Oliver Kapanen traverse probablement l’été le plus exigeant de sa jeune carrière.
Pour un joueur de seulement 22 ans qui vient tout juste de faire ses premiers pas dans la LNH, les derniers mois n’ont rien d’un long fleuve tranquille. Les attentes ont explosé rapidement à Montréal après une saison au-delà de ce que plusieurs imaginaient.
Son intelligence sur la glace, son sens du jeu et sa maturité ont convaincu bien des partisans qu’il pouvait devenir une pièce importante de l’avenir du Canadien.
Le problème, c’est que sa valeur ne cesse de grimper.
Chaque fois qu’un gros nom apparaît sur le marché des transactions, celui d’Oliver Kapanen revient immédiatement dans les discussions. Kirill Marchenko, Shane Wright, Rickard Rakell, Bryan Rust, Matthew Knies… peu importe le dossier, le jeune Finlandais se retrouve constamment au cœur des spéculations.
Ce n’est jamais simple pour un joueur qui tente simplement de préparer sa prochaine saison.
Au fil des semaines, Oliver Kapanen est presque devenu le nom qu’on sort automatiquement dès qu’il est question d’aller chercher un gros joueur...
Impossible d’ouvrir les réseaux sociaux sans tomber sur une nouvelle publication qui l’envoie dans une autre ville. Une journée, il ferait ses valises pour Columbus. Le lendemain, ce serait Seattle. Quelques heures plus tard, Pittsburgh ou Toronto reviennent dans le décor.
Cette réalité peut rapidement devenir épuisante mentalement.
À cela s’ajoute une autre pression qui grandit tranquillement au sein de l’organisation.
Kent Hughes et Jeff Gorton continuent de chercher activement un véritable deuxième centre capable d’évoluer derrière Nick Suzuki et de compléter un trio avec Ivan Demidov. Depuis plusieurs semaines, le Canadien explore toutes les possibilités afin de trouver cette solution.
En parallèle, toute l’attention demeure tournée vers Michael Hage.
L’organisation aimerait le convaincre de quitter le Michigan plus rapidement que prévu afin de commencer son parcours professionnel dès cette saison. Le jeune centre, lui, préfère poursuivre son développement dans la NCAA avant de faire le saut.
Cette situation envoie tout de même un message clair.
Le Canadien prépare déjà l’avenir au centre.
Même si Hage décide finalement de retourner une année supplémentaire à l’université, tout indique qu’il représente le projet prioritaire de l’organisation pour les prochaines saisons. Pendant ce temps, Nick Suzuki demeure solidement installé au sommet de la hiérarchie, Jake Evans occupe un rôle bien précis et plusieurs scénarios de transactions continuent d’être étudiés.
Oliver Kapanen se retrouve donc au milieu de cette équation.
Son poste dans la Ligue nationale n’est pas remis en question.
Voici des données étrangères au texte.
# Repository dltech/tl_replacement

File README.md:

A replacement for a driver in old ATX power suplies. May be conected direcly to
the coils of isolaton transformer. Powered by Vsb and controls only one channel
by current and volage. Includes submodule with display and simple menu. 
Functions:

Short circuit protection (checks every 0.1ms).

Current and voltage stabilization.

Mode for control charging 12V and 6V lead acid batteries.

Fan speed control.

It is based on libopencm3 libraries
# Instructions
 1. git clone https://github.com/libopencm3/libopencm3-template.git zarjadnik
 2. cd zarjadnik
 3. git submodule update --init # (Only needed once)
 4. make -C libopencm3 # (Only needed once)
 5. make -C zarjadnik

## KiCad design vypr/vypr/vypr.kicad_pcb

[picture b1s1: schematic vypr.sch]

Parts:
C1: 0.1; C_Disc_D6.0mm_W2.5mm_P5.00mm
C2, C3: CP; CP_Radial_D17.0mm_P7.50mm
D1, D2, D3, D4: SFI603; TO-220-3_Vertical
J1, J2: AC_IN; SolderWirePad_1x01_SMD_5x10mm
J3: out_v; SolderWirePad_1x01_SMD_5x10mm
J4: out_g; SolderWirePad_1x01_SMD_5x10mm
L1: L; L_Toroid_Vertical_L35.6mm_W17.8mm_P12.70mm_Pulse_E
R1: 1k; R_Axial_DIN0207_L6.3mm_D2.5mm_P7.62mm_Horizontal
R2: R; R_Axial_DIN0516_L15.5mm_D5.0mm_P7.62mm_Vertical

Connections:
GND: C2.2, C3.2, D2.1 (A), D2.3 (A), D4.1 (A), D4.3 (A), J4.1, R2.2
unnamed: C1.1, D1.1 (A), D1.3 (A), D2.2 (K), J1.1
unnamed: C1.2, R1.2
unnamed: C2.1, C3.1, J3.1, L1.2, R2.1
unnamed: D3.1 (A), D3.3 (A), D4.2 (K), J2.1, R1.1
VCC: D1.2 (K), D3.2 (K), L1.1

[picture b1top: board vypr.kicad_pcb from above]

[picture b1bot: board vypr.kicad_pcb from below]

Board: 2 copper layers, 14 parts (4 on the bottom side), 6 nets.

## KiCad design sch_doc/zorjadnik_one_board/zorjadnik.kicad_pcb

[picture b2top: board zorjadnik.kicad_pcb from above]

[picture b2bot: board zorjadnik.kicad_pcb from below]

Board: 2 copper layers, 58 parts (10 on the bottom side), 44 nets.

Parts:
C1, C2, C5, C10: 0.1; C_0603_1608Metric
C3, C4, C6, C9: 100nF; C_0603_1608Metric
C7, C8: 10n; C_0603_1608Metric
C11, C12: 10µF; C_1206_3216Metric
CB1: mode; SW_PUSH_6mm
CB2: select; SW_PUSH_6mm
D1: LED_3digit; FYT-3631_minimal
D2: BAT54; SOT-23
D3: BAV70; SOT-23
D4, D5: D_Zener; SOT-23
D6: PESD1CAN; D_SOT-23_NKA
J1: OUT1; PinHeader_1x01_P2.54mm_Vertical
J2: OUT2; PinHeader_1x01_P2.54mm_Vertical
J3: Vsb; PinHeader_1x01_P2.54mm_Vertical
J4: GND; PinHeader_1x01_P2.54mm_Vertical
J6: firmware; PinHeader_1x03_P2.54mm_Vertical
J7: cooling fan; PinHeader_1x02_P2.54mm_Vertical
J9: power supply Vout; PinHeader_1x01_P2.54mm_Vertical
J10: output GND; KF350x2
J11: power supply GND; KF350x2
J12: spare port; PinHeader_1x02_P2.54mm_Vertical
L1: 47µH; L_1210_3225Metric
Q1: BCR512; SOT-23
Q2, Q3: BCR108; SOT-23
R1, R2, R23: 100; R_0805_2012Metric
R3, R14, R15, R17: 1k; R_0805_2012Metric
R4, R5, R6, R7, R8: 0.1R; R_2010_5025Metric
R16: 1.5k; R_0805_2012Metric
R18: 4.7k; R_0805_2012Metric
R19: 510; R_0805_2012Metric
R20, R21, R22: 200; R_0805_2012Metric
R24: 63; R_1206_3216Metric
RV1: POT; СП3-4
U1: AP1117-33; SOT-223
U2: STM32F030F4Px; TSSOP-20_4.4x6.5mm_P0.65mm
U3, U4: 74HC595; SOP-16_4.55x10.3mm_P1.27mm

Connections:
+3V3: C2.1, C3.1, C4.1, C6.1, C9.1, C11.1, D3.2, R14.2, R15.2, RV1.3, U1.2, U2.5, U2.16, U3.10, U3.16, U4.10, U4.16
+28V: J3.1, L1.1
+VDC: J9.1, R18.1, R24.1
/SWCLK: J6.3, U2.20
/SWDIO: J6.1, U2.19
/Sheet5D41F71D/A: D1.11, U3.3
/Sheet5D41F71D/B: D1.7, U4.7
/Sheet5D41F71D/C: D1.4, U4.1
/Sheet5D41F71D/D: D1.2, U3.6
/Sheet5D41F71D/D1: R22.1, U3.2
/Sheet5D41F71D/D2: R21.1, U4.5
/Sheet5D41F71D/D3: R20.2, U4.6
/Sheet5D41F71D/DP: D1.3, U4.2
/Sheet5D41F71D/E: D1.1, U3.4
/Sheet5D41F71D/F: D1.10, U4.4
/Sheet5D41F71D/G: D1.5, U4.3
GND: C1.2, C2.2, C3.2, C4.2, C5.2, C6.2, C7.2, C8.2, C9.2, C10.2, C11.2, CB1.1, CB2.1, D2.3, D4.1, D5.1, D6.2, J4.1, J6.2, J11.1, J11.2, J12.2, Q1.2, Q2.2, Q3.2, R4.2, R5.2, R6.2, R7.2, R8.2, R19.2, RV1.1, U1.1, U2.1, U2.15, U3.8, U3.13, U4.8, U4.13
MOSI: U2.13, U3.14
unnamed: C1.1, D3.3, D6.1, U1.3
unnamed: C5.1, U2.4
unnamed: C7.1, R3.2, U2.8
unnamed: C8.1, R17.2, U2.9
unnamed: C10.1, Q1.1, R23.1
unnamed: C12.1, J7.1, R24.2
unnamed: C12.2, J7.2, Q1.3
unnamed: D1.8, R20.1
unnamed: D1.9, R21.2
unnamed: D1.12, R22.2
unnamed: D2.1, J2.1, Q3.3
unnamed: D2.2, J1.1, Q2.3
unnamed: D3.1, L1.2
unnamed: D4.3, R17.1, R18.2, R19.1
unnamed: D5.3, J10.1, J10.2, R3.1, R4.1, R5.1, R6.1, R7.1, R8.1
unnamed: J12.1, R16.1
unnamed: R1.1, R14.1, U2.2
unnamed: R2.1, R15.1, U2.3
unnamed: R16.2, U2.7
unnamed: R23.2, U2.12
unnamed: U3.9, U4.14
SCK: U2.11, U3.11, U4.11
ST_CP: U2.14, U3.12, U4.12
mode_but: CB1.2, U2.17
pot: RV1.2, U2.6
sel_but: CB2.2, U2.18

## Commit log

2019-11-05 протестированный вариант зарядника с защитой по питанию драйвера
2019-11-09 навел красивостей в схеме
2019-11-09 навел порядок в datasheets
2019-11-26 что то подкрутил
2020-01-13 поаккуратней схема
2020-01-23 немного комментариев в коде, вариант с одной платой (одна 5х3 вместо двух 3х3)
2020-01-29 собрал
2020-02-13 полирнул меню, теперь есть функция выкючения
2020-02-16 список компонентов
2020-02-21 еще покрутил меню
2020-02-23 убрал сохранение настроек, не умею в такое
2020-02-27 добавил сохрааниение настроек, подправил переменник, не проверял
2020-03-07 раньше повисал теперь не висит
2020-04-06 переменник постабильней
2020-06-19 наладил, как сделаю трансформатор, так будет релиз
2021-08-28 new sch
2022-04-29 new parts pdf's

Il a démontré qu’il pouvait contribuer et qu’il possédait les qualités recherchées dans le hockey moderne. Son adaptation mérite d’ailleurs d’être soulignée. Passer du calendrier européen au rythme de la LNH représente un immense défi, et Kent Hughes lui-même avait expliqué que cette transition demandait souvent une période d’ajustement importante.
Malgré cela, Kapanen a répondu présent.
Le paradoxe est intéressant.
Plus il progresse, plus sa valeur augmente. Plus sa valeur augmente, plus les autres équipes le réclament lorsqu’elles négocient avec le Canadien.
C’est exactement ce qui rend son été aussi particulier.
D’un côté, Montréal peut encore croire qu’il deviendra un excellent centre capable d’aider l’organisation pendant de nombreuses années.
De l’autre, cette valeur pourrait permettre à Kent Hughes d’aller chercher le joueur d’impact qui manque toujours à son attaque.
Voilà pourquoi le plan du directeur général place involontairement Kapanen dans une position délicate. Le Canadien veut améliorer immédiatement son top-6 sans compromettre son avenir, mais il faut souvent accepter de céder un jeune joueur prometteur pour obtenir un talent établi.
Personne ne sait encore quelle direction prendra Kent Hughes.
Une chose demeure certaine : tant que le Canadien poursuivra sa quête d’un deuxième centre ou d’un attaquant de premier plan, Oliver Kapanen continuera de voir son nom circuler dans les plus importantes rumeurs de transactions de la LNH.
Et pour un jeune joueur qui tente simplement de bâtir sa place à Montréal, cet été est loin d’être terminé.